| To do |
Repeat exactly, and only, the lines from the one containing "for p, rotation" through the end of the records.

| Data to examine |
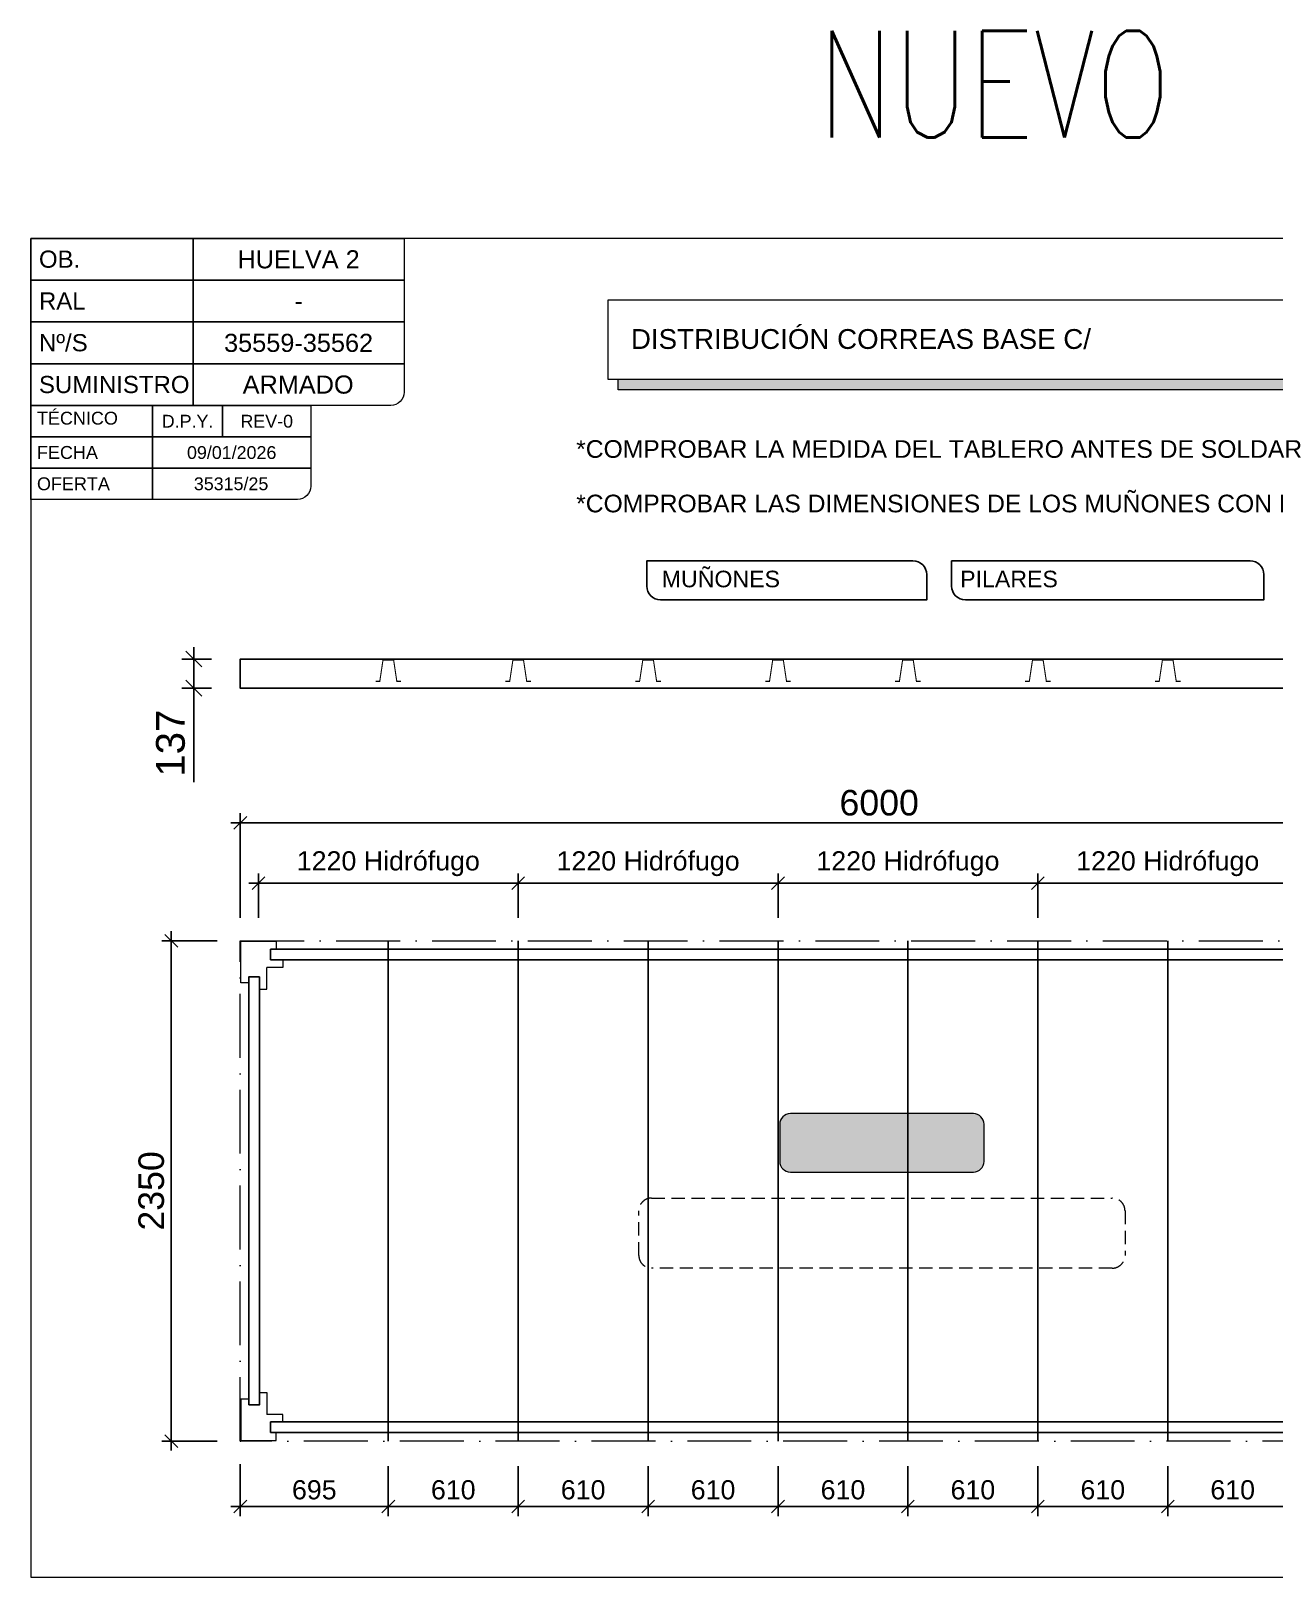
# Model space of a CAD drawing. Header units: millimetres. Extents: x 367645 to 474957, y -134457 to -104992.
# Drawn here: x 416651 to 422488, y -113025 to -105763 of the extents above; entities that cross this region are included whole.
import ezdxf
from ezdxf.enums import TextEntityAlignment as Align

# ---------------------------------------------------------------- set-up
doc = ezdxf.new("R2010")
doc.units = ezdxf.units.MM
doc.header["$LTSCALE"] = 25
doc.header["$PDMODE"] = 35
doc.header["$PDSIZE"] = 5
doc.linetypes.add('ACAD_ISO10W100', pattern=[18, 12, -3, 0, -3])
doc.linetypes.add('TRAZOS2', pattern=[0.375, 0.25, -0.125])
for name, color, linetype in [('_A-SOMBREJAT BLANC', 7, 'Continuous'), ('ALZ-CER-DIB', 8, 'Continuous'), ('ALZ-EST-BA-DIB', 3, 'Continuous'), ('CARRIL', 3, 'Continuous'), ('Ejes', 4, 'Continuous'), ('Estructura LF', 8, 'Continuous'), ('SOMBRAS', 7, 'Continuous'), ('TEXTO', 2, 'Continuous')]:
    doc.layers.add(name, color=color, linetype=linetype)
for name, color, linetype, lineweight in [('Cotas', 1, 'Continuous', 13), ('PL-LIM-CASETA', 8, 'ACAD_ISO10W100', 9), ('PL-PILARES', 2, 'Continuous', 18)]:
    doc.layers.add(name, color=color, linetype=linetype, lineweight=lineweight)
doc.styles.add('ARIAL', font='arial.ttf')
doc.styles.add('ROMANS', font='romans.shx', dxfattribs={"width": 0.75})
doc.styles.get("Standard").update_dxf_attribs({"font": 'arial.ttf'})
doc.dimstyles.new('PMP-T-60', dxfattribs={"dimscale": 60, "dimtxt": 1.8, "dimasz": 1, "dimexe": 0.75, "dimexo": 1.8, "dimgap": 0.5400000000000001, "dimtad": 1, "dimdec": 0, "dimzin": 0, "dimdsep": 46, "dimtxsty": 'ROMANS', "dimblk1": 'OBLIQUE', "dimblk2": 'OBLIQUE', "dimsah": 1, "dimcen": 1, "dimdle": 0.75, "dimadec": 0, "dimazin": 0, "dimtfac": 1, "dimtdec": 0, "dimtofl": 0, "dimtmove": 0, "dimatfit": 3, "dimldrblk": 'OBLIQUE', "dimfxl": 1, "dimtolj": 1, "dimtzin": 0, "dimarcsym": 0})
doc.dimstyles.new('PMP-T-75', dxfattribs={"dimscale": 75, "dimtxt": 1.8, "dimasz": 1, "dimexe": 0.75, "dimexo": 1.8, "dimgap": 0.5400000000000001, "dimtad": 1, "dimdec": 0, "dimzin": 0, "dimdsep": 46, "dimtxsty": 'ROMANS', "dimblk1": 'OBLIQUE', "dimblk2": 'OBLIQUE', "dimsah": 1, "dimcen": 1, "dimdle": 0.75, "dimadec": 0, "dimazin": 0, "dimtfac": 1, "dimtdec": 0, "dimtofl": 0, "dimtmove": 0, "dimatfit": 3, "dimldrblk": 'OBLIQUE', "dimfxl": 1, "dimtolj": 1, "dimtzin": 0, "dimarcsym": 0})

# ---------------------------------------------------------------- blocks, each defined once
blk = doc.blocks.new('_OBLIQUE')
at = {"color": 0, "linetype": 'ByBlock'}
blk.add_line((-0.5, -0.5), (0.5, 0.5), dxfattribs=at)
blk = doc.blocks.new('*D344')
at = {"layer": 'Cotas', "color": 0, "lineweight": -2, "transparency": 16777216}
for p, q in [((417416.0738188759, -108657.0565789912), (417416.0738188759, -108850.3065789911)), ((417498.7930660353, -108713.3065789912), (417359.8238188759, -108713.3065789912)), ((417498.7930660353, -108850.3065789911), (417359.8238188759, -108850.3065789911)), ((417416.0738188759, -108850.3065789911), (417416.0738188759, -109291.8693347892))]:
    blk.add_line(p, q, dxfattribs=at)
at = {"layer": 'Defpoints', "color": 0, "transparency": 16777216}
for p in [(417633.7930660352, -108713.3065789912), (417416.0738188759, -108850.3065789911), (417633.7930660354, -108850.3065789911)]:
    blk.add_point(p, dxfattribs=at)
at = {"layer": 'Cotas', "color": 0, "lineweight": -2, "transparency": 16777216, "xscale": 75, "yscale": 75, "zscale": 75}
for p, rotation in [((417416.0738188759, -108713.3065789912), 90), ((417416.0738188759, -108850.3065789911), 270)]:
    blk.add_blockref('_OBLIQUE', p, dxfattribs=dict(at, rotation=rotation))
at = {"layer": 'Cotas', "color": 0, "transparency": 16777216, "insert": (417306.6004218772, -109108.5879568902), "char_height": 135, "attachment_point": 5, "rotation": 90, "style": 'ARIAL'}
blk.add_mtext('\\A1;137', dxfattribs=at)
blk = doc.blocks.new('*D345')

| Result |
for p, rotation in [((417416.0738188759, -108713.3065789912), 90), ((417416.0738188759, -108850.3065789911), 270)]:
    blk.add_blockref('_OBLIQUE', p, dxfattribs=dict(at, rotation=rotation))
at = {"layer": 'Cotas', "color": 0, "transparency": 16777216, "insert": (417306.6004218772, -109108.5879568902), "char_height": 135, "attachment_point": 5, "rotation": 90, "style": 'ARIAL'}
blk.add_mtext('\\A1;137', dxfattribs=at)
blk = doc.blocks.new('*D345')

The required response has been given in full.